You CAN however use them as correlational items. But that is different topic, since my original objection was to the word empirical. You haven't even tried to point out why these things are considered evil, nor have you considered if there were any mitigating factors due to necessity.

Quote:
Sin is glaringly obvious. REcall Einstein's comment: "Whether or not you can observe a thing depends on the theory you use. It is the theory which decides what can be observed." That is true of physical reality and certainly true of spiritual reality. I am not speaking allegorically but practically. Watch your local evening news and tell me that the human tendency to corrupt everything is not merely an observation of Dwarves and Elves in Tolkien.
You should be careful in using that quote. There are competing theories that account for the data just as well, if not better... Models that actually can be based empirically, since they describe set conditions and are based on other underlying theories of social interaction.

The objection was not to the existence of sin, but to the idea that you can EMPIRICALLY verify the existence of a philosopical or spiritual concept.

It would be of little purpose to deny the existence of a concept like sin in a discussion about Dant'es inferno, now wouldn't it?

The concept of ORIGINAL sin however, is a distinction between two philosophical constructs. The idea that all humans are tainted from birth is objectionable to me, because it bases the flaw on something humans have no control over, the past. To hold someone accountable for something they have no control over is not an act of justice.

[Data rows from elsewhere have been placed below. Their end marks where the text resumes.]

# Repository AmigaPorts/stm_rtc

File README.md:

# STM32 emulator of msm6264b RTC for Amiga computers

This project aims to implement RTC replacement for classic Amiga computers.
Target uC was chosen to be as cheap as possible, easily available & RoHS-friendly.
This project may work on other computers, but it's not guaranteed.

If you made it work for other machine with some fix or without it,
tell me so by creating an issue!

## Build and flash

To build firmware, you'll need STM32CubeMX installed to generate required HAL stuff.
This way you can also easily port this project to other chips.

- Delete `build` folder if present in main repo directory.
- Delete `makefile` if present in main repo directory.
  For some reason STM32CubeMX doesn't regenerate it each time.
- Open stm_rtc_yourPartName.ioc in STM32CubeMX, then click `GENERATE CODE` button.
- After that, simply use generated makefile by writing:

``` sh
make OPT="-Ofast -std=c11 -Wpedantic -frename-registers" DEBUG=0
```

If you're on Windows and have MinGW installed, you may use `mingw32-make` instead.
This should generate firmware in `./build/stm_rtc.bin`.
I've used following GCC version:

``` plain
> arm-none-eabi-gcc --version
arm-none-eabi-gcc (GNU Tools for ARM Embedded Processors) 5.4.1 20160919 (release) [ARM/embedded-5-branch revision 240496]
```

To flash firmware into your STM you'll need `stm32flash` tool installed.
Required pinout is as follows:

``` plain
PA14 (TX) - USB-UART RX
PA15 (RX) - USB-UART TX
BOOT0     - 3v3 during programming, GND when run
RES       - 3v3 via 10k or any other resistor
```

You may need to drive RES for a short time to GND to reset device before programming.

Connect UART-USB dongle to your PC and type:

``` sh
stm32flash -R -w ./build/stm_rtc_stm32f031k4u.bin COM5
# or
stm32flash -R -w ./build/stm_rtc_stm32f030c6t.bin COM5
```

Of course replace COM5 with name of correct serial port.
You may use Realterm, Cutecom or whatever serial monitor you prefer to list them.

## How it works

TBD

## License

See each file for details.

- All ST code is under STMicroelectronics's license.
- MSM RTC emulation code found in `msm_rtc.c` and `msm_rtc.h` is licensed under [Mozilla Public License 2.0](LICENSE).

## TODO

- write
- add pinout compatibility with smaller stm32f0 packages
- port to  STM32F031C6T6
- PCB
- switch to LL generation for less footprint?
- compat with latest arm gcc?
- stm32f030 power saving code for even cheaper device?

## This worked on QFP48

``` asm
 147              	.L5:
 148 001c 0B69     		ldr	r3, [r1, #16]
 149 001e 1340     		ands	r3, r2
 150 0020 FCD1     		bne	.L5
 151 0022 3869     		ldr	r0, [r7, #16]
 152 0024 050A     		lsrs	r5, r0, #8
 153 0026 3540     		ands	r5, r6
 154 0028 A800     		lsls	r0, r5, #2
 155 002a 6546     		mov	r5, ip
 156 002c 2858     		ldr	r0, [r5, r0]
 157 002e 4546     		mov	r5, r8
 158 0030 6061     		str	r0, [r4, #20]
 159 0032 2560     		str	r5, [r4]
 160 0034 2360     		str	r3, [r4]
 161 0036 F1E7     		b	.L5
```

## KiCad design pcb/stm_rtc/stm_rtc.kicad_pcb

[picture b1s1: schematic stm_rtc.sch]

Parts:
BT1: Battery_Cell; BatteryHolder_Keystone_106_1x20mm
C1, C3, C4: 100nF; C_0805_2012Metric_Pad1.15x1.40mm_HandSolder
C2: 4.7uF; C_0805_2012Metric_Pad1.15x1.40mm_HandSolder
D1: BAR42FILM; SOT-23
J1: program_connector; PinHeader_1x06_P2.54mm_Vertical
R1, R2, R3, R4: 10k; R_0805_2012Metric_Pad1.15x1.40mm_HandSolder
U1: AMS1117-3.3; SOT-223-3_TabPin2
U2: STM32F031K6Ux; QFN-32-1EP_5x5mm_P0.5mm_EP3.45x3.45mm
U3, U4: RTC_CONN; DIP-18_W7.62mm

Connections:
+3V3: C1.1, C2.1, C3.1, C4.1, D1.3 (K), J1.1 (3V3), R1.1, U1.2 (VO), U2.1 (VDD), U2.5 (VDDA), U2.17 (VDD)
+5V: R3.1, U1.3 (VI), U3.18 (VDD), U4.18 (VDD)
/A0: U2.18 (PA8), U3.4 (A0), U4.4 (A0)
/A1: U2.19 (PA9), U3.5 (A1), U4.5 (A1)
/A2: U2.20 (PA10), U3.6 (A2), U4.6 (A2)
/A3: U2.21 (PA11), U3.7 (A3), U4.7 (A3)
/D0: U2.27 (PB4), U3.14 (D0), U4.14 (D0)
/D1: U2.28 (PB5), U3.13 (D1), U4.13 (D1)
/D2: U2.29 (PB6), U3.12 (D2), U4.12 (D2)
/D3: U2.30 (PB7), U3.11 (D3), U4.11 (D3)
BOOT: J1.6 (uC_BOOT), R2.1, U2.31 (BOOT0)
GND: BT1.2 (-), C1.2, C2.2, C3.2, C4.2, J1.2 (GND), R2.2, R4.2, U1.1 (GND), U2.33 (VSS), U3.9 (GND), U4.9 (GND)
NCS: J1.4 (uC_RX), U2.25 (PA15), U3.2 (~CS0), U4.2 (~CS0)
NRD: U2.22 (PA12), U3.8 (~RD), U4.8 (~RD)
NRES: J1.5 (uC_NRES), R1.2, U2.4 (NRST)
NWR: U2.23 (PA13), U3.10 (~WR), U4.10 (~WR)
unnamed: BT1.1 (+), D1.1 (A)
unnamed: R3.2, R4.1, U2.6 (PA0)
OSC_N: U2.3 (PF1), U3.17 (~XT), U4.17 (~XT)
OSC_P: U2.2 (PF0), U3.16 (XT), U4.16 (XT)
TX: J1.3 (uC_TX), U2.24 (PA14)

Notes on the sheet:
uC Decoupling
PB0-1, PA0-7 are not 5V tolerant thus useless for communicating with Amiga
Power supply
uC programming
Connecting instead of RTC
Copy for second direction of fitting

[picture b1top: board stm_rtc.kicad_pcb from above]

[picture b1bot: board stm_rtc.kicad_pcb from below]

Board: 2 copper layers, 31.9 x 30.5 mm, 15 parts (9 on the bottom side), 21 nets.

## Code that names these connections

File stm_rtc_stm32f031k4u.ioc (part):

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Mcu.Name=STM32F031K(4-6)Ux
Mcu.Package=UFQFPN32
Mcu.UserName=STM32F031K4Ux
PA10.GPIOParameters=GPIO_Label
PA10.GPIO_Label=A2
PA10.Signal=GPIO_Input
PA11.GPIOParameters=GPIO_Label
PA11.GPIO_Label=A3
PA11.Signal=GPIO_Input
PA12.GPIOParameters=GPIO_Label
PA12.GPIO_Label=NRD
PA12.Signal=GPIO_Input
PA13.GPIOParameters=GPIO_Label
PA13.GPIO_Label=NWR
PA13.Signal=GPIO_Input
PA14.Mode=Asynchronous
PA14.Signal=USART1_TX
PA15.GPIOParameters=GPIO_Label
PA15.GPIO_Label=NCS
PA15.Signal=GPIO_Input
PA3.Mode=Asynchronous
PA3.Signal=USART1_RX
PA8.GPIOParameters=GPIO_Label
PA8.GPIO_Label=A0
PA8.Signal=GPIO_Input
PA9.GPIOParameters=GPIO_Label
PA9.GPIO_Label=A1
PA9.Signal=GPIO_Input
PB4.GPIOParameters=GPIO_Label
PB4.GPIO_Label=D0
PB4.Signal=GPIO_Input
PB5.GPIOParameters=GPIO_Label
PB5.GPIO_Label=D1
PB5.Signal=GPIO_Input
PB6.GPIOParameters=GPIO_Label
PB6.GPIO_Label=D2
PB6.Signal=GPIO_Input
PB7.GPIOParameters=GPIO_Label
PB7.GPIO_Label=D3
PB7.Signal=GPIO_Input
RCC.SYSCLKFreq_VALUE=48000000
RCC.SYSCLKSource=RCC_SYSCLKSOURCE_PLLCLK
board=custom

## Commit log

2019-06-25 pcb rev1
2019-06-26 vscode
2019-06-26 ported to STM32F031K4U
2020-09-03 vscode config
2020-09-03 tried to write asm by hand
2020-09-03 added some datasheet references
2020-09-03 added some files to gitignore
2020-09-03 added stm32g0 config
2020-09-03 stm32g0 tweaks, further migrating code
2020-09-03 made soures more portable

The closest concept to it which I will concede to, is the idea that if humans exist within a flawed society, then they are rapidly converted to the "sins" of the society they exist within.

Quote:
I cannot place your referent to 'that standard'. Please elucidate. IF you meant what I said about hiearchies of value on moral standards, then, yes.
Yes that is what I meant. Which means that, as much as we would like to think that there is an absolute moral value out there, all systems in their practical application at least, realize the neccesity of some relativism.

Quote:
but all are merely emphasizing one aspect of the moral above others, not inventing new systems of morality. Do you know of a culture that truly valued cowardice as the pre-eminent virtue? Can you imagine such?
Survival. Mid-20c United states...

Yes new values do arrive. And they are integrated into, and on top of, old traditions. New values do arise, because the world is ever changing. They get related back to earlier traditions, because traditions are useful for certain things, one of them being a comparison of the relative value of "values"...

Quote:
I'm not avoiding an issue, BH, I'm pointing out a logical fallacy. Eternity is not predicated on human existence.
I must point out that whether or not eternity is predicated on the existence of humanity has absolutely nothing whatsoever to do with the fact that eternity is a postulated condition of a christian afterlife. You can say it is predicated on the existence of god, but it makes absolutely no practical difference for the purpose of the discussion.

Quote:
Your point is, I suspect, that you do not like the reality that what one does as indicative of what one is has longterm consequences. The Ted Bundy's of the world are fortunately uncommon, but their behaviours define them. How should it be different for you or I merely because we are not serial murderers?
Your assumption is off the mark. At no point did I suggest that individuals should not suffer the consequences of their actions. What I did point out, is that eternal suffering is of no purpose, allows no growth or change, and is in fact a form of harm, not pain. Harm being permanant damage.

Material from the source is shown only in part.